*Records provided*

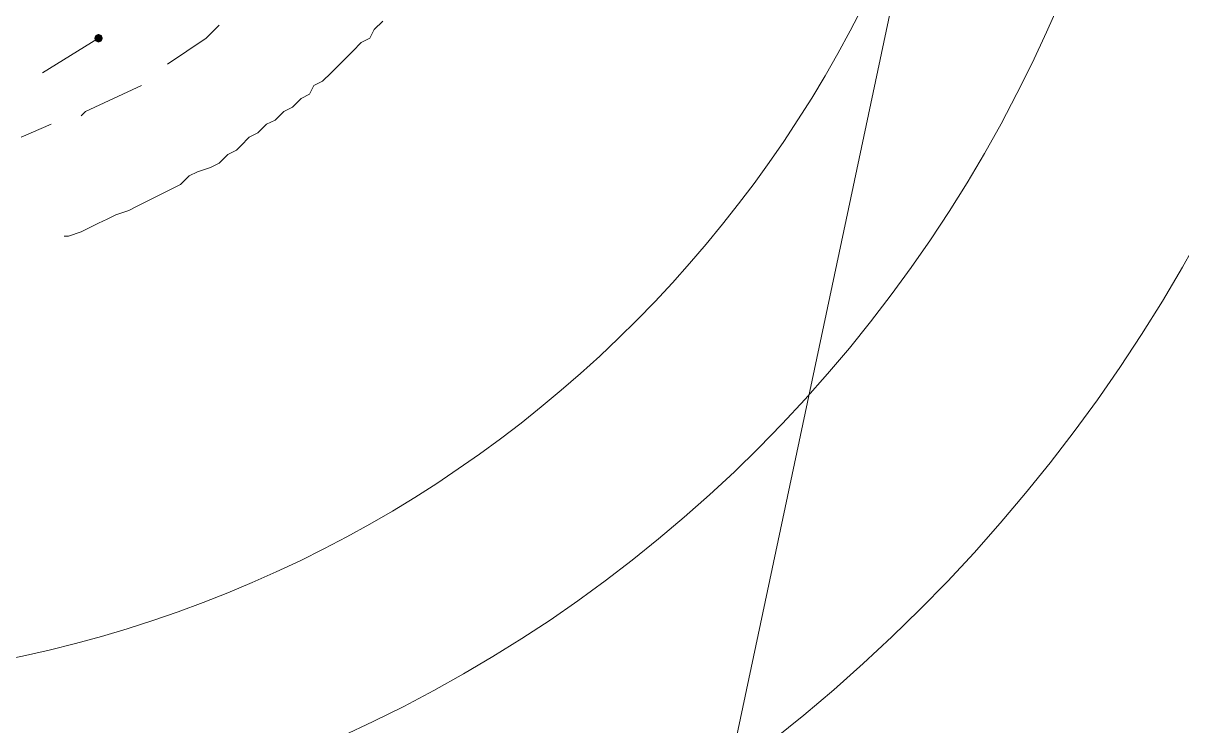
# Model space of a CAD drawing. Header units: millimetres. Extents: x 89051 to 218395, y -330386 to -125649.
# Drawn here: x 92711.25 to 92743.8, y -132873.77 to -132854.01 of the extents above; entities that cross this region are included whole.
import ezdxf

# ---------------------------------------------------------------- set-up
doc = ezdxf.new("R2010")
doc.units = ezdxf.units.MM
doc.header["$LTSCALE"] = 13
doc.linetypes.add('1 实线', pattern=[0])
doc.linetypes.add('CENTER', pattern=[50.8, 31.75, -6.35, 6.35, -6.35])
doc.layers.get('0').update_dxf_attribs({"color": 1, "linetype": 'CENTER'})
doc.layers.add('C00-00-00', color=7, linetype='Continuous')
doc.layers.add('铁心', color=3, linetype='Continuous', lineweight=0)

msp = doc.modelspace()

# ---------------------------------------------------------------- hatches: boundary and pattern name
at = {"layer": 'C00-00-00'}
h = msp.add_hatch(color=256, dxfattribs=at)
h.dxf.hatch_style = 2
h.paths.add_polyline_path([(92713.49, -132854.437), (92713.455, -132854.522), (92713.369, -132854.558), (92713.284, -132854.522), (92713.248, -132854.437), (92713.284, -132854.351), (92713.369, -132854.316), (92713.455, -132854.351)])

# ---------------------------------------------------------------- linework, layer by layer
at = {"color": 7, "linetype": '1 实线', "lineweight": 0}
for radius in [45.983, 39.569]:
    msp.add_circle((92703.931, -132837.98), radius, dxfattribs=at)
msp.add_arc((92703.931, -132837.98), 34.608, 204.1584, 156.2711, dxfattribs=at)
msp.add_open_spline([(92707.141, -132864.607), (92716.917, -132889.565), (92728.431, -132918.78), (92724.157, -132940.144), (92714.899, -132974.109), (92714.272, -132987.936)], degree=3, dxfattribs=at)
at = {"layer": 'C00-00-00', "lineweight": 15}
for points in [[(92721.356, -132853.953), (92721.114, -132854.195), (92720.993, -132854.437), (92720.751, -132854.558), (92720.509, -132854.8), (92720.267, -132855.042), (92720.146, -132855.163), (92719.904, -132855.405), (92719.662, -132855.647), (92719.42, -132855.768), (92719.299, -132856.01), (92719.057, -132856.131), (92718.815, -132856.373), (92718.573, -132856.494), (92718.331, -132856.736), (92718.089, -132856.857), (92717.847, -132857.099), (92717.605, -132857.22), (92717.363, -132857.462), (92717.242, -132857.583), (92717, -132857.704), (92716.758, -132857.946), (92716.516, -132858.067), (92716.153, -132858.188), (92715.911, -132858.309), (92715.669, -132858.551), (92715.426, -132858.672), (92715.184, -132858.793), (92714.942, -132858.914), (92714.7, -132859.035), (92714.458, -132859.156), (92714.216, -132859.277), (92713.853, -132859.398), (92713.611, -132859.519), (92713.369, -132859.64), (92713.127, -132859.761), (92712.885, -132859.882), (92712.522, -132860.003), (92712.401, -132860.003)], [(92716.758, -132854.074), (92716.395, -132854.437)], [(92711.796, -132855.405), (92713.369, -132854.437)], [(92716.395, -132854.437), (92715.305, -132855.163)], [(92714.579, -132855.768), (92713.006, -132856.494)], [(92713.006, -132856.494), (92712.885, -132856.615)], [(92712.038, -132856.857), (92711.191, -132857.22)]]:
    msp.add_lwpolyline(points, dxfattribs=at)
at = {"layer": '铁心'}
msp.add_lwpolyline([(92718.487, -132934.505), (92899.097, -132082.203), (92899.097, -132082.203)], dxfattribs=at)

doc.saveas('drawing.dxf')

*How to complete this task*
In the entries above, find each line that has the word "ezdxf". Copy it.

*Response*
import ezdxf
doc = ezdxf.new("R2010")
doc.units = ezdxf.units.MM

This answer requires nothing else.